7 of 357 comments (clear)

  1. Moving the country? by MalHavoc · · Score: 5, Interesting

    Probably not even remotely possible due to its size, but a similar problem seems to have been created in Kiruna, in Sweden. The town sits on top of the world's largest iron ore mine, and the mine has created a large cavity under the town. They are moving everything, in some cases, literally brick by brick. There's a neat article about it in this month's National Geographic.

    1. Re:Moving the country? by timeOday · · Score: 3, Interesting

      While the occasional sinkhole is scary and dramatic, the human costs of staying put and paying closer attention to hydrology, and possibly dealing with the occasional sinkhole incident, are almost certainly lower than trying to move on that scale.

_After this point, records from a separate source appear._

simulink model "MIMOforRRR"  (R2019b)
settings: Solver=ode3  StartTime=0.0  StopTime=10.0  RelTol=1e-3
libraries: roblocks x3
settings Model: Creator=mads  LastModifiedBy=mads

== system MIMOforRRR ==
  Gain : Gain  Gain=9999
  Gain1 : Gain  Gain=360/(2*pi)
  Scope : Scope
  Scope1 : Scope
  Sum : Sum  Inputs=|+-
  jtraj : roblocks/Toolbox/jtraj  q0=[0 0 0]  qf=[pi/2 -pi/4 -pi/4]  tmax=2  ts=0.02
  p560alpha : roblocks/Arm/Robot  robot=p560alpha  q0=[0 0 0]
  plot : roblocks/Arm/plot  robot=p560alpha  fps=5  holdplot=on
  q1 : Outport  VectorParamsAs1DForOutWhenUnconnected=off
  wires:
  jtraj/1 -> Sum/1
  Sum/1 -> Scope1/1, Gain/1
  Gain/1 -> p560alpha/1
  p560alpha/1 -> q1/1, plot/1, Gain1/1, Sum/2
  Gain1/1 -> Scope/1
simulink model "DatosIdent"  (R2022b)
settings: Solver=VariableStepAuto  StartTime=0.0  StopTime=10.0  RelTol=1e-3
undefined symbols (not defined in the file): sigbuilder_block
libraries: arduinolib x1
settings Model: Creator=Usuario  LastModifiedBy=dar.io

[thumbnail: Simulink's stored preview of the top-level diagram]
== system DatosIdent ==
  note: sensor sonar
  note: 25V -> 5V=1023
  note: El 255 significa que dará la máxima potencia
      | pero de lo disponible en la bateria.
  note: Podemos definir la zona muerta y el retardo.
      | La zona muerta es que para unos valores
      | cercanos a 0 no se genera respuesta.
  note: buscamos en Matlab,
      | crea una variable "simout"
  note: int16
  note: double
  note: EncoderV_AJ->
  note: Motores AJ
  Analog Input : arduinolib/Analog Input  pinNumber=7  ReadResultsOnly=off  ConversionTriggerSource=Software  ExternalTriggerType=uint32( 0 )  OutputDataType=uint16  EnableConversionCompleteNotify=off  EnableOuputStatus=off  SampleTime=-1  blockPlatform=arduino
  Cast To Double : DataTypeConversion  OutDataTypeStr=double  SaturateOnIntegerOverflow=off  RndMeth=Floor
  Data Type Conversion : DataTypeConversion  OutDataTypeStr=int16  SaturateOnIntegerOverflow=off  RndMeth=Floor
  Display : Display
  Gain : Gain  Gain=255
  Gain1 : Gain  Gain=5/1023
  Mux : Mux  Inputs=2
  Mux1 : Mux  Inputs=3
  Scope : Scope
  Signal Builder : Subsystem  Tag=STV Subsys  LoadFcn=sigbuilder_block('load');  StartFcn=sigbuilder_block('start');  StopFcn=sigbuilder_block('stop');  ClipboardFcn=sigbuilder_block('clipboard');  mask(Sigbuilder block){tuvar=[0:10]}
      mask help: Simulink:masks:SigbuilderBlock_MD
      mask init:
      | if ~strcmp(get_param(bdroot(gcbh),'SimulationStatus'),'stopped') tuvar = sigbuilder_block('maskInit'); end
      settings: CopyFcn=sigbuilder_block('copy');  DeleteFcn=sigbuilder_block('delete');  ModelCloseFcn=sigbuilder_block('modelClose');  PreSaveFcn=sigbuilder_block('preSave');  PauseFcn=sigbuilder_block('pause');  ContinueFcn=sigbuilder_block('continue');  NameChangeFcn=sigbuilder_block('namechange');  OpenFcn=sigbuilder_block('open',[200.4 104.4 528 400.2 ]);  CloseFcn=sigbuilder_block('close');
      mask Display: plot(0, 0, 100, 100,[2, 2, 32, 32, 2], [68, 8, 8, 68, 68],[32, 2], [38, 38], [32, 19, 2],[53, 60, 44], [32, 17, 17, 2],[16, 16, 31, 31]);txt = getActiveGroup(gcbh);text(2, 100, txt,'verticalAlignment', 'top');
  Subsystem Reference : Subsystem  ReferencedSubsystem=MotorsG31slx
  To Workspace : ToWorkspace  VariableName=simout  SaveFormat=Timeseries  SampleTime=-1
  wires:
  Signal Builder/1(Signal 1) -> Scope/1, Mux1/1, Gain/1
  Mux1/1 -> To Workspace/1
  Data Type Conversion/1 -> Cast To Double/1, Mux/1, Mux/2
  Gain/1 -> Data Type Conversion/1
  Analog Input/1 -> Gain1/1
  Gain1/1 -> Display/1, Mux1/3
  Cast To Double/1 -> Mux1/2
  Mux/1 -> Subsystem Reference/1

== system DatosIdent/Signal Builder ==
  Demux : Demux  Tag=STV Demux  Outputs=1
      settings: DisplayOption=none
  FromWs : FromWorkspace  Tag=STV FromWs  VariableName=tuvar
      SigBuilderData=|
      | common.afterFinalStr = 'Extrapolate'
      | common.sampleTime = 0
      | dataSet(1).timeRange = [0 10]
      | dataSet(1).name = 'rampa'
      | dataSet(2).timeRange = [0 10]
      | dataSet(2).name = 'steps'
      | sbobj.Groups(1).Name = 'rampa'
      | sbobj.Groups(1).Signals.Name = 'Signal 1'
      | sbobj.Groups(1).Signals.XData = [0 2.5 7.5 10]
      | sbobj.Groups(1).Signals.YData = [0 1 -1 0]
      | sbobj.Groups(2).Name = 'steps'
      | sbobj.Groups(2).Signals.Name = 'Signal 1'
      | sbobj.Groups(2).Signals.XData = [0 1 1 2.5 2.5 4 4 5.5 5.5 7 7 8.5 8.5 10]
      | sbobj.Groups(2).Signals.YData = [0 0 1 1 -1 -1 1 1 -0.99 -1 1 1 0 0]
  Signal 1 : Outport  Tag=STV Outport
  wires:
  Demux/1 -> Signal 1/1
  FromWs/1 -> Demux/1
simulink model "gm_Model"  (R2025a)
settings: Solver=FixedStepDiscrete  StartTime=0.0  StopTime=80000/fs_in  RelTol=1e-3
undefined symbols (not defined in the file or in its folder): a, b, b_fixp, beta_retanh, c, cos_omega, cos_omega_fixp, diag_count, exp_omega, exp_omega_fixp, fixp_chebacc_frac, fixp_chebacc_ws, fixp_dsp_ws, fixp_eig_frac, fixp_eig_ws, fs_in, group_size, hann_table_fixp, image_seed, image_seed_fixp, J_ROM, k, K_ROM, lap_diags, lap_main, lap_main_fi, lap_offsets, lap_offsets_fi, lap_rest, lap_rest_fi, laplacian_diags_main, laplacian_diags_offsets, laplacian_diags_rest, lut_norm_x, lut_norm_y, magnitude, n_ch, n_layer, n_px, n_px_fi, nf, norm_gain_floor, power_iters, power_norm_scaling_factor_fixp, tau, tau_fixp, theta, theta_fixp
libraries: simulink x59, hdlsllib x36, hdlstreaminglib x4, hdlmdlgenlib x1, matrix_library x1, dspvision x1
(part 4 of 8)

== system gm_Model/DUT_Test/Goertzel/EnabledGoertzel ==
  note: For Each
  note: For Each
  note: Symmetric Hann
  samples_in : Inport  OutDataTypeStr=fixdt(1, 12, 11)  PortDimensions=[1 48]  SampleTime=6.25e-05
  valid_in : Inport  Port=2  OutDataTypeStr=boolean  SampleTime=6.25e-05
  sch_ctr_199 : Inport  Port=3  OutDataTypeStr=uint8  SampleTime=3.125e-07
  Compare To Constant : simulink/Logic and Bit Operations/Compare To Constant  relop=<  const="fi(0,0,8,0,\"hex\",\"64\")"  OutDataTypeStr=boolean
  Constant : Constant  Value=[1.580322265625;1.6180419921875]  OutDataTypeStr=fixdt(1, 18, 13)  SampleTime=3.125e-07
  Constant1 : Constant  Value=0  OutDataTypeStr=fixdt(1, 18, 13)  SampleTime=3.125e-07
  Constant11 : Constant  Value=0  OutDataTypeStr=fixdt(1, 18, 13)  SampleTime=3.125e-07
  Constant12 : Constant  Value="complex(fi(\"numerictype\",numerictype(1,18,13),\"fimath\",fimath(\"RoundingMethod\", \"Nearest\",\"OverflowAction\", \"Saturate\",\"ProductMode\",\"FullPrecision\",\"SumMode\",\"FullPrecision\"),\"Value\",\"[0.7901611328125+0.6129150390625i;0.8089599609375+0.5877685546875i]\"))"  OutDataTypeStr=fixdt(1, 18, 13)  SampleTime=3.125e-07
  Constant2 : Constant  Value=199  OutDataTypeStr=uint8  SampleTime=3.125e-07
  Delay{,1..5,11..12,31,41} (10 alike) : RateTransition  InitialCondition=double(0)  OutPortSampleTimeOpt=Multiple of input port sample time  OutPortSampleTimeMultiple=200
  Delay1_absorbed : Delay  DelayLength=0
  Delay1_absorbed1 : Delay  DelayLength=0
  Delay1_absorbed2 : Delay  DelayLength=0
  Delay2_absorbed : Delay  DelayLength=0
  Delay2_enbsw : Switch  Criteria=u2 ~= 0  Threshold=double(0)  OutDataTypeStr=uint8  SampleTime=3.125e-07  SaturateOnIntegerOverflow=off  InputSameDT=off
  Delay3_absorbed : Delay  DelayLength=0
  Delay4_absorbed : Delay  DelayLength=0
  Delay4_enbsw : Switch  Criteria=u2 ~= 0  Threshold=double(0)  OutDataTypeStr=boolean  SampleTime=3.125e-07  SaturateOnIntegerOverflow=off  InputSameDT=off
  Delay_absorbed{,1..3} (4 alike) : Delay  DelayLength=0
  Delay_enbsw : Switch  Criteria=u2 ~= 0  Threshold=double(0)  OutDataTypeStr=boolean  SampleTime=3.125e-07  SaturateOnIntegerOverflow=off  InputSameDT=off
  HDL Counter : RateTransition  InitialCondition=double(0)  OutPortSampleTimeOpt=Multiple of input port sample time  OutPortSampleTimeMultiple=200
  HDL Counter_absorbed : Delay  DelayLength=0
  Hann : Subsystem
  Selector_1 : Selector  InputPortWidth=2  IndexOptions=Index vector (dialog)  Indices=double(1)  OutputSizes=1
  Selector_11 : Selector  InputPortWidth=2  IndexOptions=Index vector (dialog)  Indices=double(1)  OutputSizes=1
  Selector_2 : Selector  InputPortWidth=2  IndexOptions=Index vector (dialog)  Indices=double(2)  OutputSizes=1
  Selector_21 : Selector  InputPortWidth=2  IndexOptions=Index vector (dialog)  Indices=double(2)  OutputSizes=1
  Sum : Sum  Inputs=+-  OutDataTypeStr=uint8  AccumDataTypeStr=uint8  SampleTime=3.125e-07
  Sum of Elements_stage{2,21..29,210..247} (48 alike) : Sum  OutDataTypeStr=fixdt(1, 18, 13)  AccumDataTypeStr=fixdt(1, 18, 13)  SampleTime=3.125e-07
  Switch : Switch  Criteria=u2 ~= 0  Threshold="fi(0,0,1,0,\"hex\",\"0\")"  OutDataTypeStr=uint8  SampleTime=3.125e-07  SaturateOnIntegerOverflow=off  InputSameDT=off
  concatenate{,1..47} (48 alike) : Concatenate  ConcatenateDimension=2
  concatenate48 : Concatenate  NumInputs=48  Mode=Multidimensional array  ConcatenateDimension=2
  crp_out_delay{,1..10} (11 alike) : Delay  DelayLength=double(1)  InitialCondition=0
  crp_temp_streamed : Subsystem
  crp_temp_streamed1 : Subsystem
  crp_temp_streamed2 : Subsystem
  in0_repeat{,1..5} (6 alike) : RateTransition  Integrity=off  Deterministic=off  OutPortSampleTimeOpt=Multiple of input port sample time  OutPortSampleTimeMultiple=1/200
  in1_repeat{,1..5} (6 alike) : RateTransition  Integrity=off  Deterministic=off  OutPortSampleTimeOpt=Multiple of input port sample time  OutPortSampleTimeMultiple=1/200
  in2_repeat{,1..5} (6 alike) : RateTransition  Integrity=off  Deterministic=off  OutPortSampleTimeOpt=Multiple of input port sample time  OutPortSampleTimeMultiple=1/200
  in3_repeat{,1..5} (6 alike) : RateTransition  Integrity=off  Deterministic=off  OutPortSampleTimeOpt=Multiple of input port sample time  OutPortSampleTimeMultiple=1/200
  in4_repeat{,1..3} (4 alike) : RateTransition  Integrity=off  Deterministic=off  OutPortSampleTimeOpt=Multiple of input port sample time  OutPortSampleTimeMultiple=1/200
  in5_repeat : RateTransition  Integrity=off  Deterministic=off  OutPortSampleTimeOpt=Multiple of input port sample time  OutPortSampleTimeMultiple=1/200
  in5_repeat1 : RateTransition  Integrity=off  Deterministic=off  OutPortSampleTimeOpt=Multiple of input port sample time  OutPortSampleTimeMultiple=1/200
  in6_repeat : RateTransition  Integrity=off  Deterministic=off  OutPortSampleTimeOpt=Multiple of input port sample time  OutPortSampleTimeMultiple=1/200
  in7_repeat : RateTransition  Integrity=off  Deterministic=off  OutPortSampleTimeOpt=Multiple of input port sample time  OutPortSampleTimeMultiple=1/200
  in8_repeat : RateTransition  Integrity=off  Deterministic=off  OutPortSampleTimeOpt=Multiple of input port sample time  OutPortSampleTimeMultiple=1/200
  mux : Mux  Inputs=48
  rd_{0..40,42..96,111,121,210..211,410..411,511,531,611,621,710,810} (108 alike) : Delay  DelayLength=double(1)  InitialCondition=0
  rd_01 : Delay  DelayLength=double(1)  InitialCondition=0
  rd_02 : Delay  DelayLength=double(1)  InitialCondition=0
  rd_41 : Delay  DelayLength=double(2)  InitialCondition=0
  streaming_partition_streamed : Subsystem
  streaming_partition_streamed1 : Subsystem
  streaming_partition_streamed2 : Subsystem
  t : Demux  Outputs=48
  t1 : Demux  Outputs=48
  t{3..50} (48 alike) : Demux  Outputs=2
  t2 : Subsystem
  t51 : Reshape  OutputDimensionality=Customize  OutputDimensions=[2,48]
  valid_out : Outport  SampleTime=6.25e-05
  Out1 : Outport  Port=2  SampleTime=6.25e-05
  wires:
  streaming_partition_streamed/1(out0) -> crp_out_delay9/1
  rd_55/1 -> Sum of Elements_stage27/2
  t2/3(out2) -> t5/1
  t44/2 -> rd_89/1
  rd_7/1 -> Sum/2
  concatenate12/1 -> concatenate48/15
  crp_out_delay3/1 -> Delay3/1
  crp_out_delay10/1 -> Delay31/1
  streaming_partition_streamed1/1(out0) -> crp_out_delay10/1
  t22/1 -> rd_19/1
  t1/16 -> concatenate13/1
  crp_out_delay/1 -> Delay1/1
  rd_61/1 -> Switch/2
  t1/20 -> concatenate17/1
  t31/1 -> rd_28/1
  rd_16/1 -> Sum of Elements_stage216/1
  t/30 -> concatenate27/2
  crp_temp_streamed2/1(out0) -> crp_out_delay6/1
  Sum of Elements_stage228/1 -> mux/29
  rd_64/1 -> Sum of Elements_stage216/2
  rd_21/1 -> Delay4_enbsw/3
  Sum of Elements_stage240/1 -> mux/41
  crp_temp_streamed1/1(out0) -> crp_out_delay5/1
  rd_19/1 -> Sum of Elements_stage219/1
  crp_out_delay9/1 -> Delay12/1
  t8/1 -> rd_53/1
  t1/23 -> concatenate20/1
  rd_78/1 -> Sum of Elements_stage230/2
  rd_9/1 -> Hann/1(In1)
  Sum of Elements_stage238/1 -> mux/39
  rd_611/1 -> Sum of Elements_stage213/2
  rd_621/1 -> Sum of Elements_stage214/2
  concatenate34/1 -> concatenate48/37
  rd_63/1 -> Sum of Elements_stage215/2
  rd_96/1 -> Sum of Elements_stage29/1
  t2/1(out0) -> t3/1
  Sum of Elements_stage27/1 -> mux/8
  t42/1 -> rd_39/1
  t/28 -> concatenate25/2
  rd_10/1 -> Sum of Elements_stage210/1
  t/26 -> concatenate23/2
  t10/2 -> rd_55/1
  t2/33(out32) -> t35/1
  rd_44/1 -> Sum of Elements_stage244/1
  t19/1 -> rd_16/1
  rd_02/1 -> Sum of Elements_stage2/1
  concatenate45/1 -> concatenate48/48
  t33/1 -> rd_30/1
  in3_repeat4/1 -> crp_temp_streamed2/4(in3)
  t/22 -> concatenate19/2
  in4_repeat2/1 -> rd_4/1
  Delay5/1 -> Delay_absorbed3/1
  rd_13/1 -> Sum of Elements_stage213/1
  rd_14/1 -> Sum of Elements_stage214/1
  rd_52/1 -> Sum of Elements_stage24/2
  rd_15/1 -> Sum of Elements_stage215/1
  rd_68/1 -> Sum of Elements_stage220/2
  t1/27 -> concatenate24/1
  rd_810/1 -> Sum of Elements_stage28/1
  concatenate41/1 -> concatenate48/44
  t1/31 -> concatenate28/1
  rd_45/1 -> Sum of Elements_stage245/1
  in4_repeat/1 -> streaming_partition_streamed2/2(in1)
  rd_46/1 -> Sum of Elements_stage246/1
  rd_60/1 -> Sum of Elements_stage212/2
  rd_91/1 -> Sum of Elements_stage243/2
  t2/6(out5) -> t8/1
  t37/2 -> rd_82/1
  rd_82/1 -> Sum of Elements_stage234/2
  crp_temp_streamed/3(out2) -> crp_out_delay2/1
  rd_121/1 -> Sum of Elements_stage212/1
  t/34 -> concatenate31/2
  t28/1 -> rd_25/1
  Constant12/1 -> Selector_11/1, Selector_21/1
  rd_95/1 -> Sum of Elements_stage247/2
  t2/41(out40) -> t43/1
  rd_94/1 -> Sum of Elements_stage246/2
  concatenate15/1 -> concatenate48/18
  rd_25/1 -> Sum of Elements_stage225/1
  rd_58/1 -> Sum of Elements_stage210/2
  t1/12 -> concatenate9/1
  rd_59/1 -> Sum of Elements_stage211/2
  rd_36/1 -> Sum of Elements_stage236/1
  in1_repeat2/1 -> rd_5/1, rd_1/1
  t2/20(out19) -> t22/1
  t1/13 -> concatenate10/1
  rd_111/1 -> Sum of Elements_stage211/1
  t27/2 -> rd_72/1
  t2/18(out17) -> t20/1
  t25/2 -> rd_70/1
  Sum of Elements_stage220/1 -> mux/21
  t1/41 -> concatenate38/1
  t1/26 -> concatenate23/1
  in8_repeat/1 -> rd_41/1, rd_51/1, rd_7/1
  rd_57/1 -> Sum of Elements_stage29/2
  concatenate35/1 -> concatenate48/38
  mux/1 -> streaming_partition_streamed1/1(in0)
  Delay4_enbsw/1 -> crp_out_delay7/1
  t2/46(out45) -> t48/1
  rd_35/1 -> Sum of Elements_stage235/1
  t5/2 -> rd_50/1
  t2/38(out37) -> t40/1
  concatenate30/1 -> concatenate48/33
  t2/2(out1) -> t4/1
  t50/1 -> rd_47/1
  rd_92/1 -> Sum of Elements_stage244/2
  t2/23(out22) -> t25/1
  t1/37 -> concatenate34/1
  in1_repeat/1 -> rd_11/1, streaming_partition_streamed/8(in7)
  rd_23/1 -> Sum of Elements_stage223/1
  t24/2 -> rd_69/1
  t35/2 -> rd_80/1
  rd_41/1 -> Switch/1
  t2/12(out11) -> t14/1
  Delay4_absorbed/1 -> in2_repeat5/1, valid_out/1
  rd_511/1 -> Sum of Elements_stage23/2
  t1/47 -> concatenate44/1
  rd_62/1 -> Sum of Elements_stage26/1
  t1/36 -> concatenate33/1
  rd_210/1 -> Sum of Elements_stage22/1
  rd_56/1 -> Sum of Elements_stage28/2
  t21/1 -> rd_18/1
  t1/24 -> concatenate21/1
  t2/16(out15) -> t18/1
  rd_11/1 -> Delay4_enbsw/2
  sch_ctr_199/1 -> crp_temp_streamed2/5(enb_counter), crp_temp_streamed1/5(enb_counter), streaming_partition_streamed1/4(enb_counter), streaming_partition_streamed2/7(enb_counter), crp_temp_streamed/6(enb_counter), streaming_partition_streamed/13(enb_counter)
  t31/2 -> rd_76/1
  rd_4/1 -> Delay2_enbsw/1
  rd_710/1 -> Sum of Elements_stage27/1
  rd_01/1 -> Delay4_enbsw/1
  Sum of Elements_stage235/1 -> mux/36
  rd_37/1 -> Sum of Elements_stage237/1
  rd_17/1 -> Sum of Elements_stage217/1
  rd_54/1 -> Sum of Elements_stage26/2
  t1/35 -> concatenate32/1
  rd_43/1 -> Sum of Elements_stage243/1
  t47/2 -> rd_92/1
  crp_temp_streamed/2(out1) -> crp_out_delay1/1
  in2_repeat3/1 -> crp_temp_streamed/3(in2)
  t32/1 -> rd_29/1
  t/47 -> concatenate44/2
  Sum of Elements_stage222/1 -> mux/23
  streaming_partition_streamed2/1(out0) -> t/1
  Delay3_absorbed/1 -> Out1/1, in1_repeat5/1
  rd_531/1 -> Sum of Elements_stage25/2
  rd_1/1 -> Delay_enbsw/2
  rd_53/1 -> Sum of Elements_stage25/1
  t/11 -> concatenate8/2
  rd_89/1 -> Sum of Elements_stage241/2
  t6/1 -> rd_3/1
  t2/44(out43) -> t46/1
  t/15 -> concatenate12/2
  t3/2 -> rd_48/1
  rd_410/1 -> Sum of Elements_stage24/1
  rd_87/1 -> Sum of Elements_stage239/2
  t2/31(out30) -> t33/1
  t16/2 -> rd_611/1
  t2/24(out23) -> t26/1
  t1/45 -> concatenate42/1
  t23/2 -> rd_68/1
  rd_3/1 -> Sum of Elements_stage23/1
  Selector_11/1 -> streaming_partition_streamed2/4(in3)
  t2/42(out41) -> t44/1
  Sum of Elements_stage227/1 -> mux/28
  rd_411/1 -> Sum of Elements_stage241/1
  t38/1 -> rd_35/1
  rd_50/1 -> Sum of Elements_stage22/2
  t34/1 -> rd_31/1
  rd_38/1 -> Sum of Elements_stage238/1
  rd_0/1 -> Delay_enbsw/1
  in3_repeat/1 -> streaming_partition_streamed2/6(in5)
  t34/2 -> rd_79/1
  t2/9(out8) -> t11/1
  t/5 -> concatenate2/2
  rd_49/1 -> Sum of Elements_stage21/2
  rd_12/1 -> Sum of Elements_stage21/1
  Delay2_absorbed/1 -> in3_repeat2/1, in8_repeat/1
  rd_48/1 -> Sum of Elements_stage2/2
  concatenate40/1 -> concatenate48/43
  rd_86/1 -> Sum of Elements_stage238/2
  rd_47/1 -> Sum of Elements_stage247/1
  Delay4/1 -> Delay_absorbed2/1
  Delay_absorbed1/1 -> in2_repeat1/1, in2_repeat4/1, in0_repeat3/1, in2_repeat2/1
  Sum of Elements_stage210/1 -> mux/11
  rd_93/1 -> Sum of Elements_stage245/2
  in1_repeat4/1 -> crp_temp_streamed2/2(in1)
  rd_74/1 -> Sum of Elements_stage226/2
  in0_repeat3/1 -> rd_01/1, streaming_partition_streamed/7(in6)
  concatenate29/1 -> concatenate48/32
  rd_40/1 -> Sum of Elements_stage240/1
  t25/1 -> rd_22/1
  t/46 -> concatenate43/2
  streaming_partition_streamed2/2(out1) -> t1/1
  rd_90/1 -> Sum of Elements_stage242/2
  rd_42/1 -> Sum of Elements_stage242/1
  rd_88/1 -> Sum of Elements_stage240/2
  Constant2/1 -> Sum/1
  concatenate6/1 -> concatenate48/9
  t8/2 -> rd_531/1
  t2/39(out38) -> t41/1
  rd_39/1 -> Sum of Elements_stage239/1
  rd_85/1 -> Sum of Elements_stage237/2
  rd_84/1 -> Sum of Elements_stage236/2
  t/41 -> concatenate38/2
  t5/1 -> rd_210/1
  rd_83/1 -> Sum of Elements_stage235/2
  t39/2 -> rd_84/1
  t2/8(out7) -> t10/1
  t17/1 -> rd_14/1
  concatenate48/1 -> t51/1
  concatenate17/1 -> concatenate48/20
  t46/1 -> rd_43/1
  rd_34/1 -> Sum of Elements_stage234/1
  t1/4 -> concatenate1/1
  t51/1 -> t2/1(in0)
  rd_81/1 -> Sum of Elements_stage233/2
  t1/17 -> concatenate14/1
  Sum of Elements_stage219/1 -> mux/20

      I agree relocating en masse is unlikely. There has to be some way to map this. If we can find oil deposits under a mile of water and another mile of rock, there must be a way to do this. Maybe ground penetrating radar. Perhaps total collapse is preceded by depressions that can be tracked over time with synthetic aperture radar. There must be a way.

    2. Re:Moving the country? by Dogtanian · · Score: 5, Interesting

      I remember learning about England during the Industrial Revolution. [..] Somebody asked "If it was so horrible for the factory workers why did they all go there" The teacher made the point that as bad as the factories were, it was still better than farming.

      It's not quite as simple as that. In the case of England during the Industrial Revolution, the inclosures act(s) effectively made it more difficult for people to earn a living on the land as they had done previously, and increasingly forced them to move into cities to undertake industrial work. The Marxist interpretation is that the government was effectively legislating people off the land and into the capitalist system.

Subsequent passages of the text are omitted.